*Brief*. Reproduce, with no alteration, the span of lines that begins at the line containing "A10: PA10 Test" and ends at the last line of the records, both ends included, and nothing else.

*Records for this task*.

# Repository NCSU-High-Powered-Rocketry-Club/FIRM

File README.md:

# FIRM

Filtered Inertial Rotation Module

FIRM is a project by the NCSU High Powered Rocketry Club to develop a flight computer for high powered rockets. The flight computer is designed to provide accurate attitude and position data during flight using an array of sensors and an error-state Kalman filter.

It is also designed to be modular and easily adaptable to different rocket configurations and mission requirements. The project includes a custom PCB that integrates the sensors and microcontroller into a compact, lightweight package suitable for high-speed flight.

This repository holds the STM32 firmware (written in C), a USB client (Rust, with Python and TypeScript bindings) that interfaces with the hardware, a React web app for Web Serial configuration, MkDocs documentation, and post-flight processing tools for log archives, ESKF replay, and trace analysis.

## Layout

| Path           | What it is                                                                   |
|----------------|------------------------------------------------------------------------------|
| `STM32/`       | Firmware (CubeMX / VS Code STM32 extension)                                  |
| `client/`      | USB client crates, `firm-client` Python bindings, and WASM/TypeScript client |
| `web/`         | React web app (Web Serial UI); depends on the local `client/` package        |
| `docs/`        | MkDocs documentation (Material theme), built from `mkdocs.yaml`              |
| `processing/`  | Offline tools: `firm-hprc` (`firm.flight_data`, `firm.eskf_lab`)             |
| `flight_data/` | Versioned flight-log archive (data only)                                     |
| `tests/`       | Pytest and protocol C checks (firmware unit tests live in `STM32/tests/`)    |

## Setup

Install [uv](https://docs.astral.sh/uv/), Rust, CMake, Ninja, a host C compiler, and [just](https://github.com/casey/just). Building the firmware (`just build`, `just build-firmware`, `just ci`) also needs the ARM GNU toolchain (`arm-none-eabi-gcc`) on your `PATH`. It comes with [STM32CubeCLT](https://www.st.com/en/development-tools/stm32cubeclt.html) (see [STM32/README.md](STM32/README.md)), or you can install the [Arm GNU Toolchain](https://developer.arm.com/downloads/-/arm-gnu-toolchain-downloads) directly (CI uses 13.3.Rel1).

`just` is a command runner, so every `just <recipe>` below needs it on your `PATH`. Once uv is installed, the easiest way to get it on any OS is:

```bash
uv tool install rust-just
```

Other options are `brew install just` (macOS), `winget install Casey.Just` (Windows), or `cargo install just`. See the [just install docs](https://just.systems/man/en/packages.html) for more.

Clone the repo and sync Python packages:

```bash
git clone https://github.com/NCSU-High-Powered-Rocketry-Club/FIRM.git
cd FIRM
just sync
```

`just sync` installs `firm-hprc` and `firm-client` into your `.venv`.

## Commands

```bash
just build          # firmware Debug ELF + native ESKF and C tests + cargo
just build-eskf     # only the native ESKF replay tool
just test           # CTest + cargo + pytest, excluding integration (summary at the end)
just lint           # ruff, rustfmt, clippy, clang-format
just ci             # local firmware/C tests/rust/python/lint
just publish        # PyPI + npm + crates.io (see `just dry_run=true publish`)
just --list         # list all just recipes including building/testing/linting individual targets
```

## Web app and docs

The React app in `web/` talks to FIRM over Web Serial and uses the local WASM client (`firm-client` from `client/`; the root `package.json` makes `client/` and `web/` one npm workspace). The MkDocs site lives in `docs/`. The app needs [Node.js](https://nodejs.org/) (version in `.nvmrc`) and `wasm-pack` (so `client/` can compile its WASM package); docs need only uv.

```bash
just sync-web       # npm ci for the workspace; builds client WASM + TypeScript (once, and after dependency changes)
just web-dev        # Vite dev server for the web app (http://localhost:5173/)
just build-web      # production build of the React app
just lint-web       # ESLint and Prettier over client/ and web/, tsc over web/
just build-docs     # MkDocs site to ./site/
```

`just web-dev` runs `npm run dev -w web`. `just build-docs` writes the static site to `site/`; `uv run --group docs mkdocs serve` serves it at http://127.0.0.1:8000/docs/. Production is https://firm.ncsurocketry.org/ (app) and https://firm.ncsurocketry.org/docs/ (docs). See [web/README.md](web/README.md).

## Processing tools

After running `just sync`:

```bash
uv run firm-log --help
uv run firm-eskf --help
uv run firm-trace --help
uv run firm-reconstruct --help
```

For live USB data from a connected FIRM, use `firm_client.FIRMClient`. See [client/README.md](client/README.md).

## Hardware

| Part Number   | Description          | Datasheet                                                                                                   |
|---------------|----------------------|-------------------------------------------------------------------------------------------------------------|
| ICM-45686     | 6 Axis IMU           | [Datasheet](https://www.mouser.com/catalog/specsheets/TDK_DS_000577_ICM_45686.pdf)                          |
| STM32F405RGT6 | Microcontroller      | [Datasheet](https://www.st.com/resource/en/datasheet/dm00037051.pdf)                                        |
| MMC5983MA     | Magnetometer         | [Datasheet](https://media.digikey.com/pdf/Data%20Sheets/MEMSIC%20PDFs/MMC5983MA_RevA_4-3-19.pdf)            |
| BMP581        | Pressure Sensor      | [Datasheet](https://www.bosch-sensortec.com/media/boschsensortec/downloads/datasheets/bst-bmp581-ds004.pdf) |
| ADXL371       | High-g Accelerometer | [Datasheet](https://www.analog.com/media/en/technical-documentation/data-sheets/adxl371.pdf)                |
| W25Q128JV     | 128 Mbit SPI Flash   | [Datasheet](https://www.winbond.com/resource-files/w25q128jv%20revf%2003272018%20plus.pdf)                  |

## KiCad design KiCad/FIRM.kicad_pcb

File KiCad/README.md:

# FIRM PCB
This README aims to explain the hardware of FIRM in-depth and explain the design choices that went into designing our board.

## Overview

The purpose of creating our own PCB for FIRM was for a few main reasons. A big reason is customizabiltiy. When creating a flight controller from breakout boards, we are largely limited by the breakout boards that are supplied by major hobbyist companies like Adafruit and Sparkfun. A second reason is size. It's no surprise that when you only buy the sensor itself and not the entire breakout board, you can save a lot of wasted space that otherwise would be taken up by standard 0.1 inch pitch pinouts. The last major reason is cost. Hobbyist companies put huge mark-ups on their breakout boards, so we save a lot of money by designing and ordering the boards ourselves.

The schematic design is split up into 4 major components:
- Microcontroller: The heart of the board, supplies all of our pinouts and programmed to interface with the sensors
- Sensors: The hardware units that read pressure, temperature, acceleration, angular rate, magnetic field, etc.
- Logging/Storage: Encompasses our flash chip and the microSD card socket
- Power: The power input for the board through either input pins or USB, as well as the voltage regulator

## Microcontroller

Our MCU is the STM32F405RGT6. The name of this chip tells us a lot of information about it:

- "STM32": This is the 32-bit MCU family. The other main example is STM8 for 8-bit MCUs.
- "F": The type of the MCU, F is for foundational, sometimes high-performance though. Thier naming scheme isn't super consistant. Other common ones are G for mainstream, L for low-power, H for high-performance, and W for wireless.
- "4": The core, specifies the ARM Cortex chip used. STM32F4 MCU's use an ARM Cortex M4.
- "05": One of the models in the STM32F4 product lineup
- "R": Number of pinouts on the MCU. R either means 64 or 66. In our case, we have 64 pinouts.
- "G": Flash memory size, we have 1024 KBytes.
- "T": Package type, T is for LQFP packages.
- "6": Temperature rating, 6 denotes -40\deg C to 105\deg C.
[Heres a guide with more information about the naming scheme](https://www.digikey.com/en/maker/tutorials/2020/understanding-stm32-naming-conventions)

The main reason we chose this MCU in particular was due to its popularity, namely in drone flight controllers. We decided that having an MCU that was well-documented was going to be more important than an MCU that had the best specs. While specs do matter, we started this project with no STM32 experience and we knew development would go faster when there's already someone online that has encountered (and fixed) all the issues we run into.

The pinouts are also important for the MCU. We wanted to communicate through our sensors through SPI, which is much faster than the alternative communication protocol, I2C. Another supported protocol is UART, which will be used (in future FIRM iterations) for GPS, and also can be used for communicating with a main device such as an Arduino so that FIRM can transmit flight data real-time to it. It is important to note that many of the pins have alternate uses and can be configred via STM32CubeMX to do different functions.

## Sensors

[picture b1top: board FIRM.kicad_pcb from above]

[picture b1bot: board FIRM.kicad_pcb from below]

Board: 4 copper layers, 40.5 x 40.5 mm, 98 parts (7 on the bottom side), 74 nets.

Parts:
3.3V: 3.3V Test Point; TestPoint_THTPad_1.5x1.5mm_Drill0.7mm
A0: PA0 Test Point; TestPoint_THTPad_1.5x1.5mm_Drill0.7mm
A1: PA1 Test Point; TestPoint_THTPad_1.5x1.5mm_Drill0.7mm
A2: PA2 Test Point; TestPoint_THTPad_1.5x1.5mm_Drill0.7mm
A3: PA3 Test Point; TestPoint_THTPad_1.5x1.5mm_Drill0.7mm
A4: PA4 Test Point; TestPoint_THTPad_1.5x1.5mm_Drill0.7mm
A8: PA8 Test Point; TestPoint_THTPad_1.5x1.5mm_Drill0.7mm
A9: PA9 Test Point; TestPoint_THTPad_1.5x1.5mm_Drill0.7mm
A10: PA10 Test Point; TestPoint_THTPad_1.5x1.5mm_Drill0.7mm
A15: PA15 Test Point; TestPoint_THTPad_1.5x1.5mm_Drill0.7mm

*Exercise output*.
A10: PA10 Test Point; TestPoint_THTPad_1.5x1.5mm_Drill0.7mm
A15: PA15 Test Point; TestPoint_THTPad_1.5x1.5mm_Drill0.7mm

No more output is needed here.